What Determines Mixed Land Use?

Analysis of Big Data on Commercial Districts in Seoul, South Korea

Each commercial district has a different degree of mixed land use. Some commercial areas are a huge cluster with monotonous retail use, while others consists of a wide variety of land uses including residential or office uses as well. The specialization or diversity strategies are both to maintain the vitality of the region. The  homogeneous commercial clusters collectively choose to pursue localization economies among stores of similar businesses, while the heterogeneous commercial clusters enable the multi-purpose activities in one place for urbanization economies.

Locational factors such as proximity to other amenities such as transit and public services have a great influence on the mix of land use. Chen et al.(2016) argued TOD around the railway station enables efficient transit induce mixed land use in the area. Also, Retail and food establishments demonstrate a certain location pattern in the urban area and It make the neighborhood more lively and vigorous (Sevtsuk, 2014). And according to Blumenberg et al.(2019), some young adult and older adults prefers homes for various reasons and they thrive with urban amenities.

A certain age or sex group of customers may also affect it in a commercial area. This paper aims to find the causes of these epic differences in land use mix in terms of the location and socioeconomic environments of each commercial district and the demographic characteristics of visitors and residents. As Manley et al. (2018) used smart card data to analyze regularity of the individual travel patterns in London, we use location based big data (Seoul Living Population, a De Facto population counting with mobile phone gps data) to analyze the visitor’s demographic pattern of commercial districts.

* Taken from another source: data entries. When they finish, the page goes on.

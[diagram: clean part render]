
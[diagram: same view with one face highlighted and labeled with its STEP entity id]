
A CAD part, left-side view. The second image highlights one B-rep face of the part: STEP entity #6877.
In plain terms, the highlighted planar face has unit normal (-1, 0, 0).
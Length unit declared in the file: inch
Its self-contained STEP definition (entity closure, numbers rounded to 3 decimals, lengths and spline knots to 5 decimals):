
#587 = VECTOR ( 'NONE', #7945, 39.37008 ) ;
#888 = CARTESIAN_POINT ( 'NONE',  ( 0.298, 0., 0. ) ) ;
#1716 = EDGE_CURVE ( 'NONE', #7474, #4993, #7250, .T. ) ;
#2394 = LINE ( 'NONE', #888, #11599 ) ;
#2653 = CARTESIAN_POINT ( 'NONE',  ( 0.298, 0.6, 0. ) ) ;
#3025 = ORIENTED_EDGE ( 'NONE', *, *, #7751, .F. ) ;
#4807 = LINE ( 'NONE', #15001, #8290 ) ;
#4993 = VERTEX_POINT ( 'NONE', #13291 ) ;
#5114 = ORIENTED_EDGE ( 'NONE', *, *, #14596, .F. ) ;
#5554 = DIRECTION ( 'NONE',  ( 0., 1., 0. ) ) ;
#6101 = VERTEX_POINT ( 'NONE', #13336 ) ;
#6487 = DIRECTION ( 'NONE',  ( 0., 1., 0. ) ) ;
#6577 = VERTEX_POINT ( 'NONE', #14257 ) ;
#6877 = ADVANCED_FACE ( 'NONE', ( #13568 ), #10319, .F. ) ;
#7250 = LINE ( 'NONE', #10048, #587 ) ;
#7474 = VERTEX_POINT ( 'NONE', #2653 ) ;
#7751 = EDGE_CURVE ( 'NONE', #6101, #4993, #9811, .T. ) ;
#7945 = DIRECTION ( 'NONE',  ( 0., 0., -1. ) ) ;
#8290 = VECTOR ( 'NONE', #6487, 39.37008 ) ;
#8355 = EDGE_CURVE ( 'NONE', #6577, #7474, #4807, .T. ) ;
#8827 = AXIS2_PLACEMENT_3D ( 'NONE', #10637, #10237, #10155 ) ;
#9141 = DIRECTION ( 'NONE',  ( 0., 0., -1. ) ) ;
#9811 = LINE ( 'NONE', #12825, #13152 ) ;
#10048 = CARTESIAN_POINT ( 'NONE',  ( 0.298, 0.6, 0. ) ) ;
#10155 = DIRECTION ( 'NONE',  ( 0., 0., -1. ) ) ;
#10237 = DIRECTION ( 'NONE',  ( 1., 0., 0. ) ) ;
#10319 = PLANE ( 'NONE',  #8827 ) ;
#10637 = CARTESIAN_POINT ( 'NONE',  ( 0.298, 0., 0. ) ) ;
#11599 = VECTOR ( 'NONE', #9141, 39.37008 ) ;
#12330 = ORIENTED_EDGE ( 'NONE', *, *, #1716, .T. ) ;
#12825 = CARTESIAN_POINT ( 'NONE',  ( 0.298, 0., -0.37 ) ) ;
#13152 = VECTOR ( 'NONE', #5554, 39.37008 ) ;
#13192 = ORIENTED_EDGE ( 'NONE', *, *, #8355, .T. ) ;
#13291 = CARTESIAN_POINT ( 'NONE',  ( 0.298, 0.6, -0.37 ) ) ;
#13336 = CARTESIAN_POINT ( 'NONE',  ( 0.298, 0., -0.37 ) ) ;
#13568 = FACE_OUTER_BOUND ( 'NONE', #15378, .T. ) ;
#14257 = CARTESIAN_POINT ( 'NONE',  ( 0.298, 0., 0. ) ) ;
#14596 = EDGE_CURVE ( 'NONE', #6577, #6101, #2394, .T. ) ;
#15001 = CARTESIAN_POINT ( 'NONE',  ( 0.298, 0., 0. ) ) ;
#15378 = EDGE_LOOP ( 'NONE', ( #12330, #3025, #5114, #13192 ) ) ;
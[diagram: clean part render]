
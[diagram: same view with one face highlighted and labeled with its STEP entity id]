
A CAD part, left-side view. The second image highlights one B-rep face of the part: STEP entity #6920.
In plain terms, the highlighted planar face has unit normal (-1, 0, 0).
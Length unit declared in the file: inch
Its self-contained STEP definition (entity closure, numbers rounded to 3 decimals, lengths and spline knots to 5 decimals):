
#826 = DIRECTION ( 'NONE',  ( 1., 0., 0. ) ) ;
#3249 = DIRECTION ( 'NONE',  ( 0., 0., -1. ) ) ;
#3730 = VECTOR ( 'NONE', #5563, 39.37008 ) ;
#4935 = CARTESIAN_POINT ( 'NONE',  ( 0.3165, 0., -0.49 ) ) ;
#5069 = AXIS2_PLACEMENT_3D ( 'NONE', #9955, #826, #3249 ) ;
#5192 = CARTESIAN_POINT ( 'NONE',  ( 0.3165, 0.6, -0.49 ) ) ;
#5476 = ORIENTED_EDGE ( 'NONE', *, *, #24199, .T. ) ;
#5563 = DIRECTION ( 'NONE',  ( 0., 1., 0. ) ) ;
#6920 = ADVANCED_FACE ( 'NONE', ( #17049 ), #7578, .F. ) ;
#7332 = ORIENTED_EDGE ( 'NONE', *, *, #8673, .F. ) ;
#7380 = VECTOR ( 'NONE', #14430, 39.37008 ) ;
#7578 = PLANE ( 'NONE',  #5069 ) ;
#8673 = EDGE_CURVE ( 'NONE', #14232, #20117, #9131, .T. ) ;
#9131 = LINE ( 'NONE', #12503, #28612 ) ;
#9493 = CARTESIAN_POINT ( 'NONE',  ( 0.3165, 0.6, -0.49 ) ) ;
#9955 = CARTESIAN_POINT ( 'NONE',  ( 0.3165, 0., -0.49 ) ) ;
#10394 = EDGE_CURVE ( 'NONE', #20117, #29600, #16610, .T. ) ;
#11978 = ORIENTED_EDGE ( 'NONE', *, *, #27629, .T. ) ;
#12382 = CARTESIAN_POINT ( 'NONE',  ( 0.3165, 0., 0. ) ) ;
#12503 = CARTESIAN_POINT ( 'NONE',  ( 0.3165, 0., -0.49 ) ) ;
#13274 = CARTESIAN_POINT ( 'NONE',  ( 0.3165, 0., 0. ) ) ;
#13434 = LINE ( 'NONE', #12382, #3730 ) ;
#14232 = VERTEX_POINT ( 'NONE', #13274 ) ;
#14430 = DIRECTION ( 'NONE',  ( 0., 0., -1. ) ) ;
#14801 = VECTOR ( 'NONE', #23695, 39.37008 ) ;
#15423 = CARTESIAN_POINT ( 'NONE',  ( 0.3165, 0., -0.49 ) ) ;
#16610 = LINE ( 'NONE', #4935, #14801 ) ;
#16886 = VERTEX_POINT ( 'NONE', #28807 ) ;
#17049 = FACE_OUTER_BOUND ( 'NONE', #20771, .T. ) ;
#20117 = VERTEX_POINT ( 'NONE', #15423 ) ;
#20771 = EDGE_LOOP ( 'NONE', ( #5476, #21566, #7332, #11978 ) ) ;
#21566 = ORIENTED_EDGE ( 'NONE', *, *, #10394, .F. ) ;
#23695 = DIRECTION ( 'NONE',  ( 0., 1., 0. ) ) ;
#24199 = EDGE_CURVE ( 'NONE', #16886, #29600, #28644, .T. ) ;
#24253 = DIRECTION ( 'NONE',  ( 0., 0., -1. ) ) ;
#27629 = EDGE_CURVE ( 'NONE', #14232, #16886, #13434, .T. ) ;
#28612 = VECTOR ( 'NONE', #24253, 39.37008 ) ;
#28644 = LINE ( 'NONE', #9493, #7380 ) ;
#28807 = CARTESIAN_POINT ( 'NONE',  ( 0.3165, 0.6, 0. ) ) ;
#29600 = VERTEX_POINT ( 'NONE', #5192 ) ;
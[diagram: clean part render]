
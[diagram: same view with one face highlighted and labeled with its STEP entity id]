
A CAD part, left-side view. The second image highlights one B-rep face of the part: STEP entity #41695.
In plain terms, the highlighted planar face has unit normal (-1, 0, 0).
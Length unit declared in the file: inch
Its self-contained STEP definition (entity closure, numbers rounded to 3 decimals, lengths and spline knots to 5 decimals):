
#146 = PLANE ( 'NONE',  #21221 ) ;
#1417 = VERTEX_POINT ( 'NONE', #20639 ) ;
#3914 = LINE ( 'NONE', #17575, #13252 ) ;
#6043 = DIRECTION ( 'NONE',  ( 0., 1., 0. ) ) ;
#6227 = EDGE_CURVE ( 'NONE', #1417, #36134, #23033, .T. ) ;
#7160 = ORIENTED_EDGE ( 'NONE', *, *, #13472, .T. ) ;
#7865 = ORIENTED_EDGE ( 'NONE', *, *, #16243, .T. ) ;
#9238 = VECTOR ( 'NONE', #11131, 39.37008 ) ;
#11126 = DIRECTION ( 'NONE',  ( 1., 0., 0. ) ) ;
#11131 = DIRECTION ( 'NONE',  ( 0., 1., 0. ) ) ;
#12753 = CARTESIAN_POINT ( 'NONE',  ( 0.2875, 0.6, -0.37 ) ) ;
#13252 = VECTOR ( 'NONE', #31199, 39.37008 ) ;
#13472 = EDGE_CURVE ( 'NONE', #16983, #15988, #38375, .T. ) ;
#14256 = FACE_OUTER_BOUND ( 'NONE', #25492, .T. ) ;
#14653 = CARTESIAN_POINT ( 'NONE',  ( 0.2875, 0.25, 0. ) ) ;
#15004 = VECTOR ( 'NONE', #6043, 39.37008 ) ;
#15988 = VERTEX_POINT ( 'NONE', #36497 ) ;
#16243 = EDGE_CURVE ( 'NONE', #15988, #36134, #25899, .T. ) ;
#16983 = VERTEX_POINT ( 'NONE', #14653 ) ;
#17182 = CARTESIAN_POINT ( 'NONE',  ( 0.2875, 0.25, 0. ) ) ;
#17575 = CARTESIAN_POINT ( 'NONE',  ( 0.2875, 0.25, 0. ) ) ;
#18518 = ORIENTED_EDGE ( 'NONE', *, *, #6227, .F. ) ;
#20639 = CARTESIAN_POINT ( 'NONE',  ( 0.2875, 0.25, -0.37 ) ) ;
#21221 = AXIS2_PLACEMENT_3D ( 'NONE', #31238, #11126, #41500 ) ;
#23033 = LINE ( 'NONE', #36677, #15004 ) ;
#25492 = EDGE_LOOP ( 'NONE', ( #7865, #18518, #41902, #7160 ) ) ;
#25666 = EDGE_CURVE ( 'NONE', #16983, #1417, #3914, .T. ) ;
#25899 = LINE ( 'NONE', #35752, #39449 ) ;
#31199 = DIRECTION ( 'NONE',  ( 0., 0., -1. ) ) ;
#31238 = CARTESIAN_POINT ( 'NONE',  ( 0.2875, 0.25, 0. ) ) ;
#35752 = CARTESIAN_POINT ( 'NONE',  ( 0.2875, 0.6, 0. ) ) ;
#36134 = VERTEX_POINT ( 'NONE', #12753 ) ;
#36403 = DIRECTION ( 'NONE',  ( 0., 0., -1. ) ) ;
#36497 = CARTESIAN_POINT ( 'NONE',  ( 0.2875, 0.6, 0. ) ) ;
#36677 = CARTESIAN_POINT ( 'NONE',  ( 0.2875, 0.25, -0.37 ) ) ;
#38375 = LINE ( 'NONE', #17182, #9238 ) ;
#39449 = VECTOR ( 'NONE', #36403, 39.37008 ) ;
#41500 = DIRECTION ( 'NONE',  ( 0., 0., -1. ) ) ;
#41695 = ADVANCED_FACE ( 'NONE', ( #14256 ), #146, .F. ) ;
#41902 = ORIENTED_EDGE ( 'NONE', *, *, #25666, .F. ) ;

To this end, we introduce a micro-scale approach to determine the key determinants of land use mix (LUM, an entropy index indicates mixed land use) in commercial districts. The land use mix of each district is defined by the entropy index using data for more than 100,000 individual buildings in commercial districts in Seoul, the capital city of South Korea. We also use real-time big data(Seoul Living Population) on individual visitors to commercial districts. The existing studies on the relationship between land use and human activity usually use data collected at a specific time by a survey or the aggregation of existing data. The fixidity of the time dimension of data makes it difficult to examine the dynamic changes of visitors to commercial areas. The real-time big data on visitors enable us to overcome this limitation. By processing mobile phone GPS data, from January 1, 2018 to December 31, 2019, we analyzed the distribution of visitors in the city of Seoul and their visiting patterns in commercial districts along the time dimension. We use the number of visitors in the peak hour of each commercial district, their age and sex as explanatory variables of land use mix in addition to the locations and socioeconomic factors of the district.

The expected results of the analysis are as follows: First, the mixed use of residential and office use in a commercial district has a positive impact on the total number of visitors. Second, the LUM was relatively high in the commercial areas where the proportion of young adult (2-30s) visitors and residents was significantly higher than those in other age groups. And lastly, in high-density metropolises such as Seoul, more visitors are coming to commercial districts with high accessibility by subway or bus. This suggests that transit, together with mixed land use, is an important factor in enhancing the dynamics of the commercial clusters.

Key words

mixed land use, urban commercial clusters, transit accessibility , big data, applied GIS

Major references/citations

  1. Sevtsuk, A., & Kalvo, R. (2018). Patronage of urban commercial clusters: A network-based extension of the Huff model for balancing location and size. Environment and Planning B: Urban Analytics and City Science45(3), 508-528.
  2. Chen, S. H., & Zegras, C. (2016). Rail Transit Ridership: Station-Area Analysis of Boston’s Massachusetts Bay Transportation Authority. Transportation Research Record2544(1), 110-122.
  3. Zhong, C., Schläpfer, M., Müller Arisona, S., Batty, M., Ratti, C., & Schmitt, G. (2017). Revealing centrality in the spatial structure of cities from human activity patterns. Urban Studies54(2), 437-455.
  4. Blumenberg, E., Brown, A., Ralph, K., Taylor, B. D., & Turley Voulgaris, C. (2019). A resurgence in urban living? Trends in residential location patterns of young and older adults since 2000. Urban Geography40(9), 1375-1397.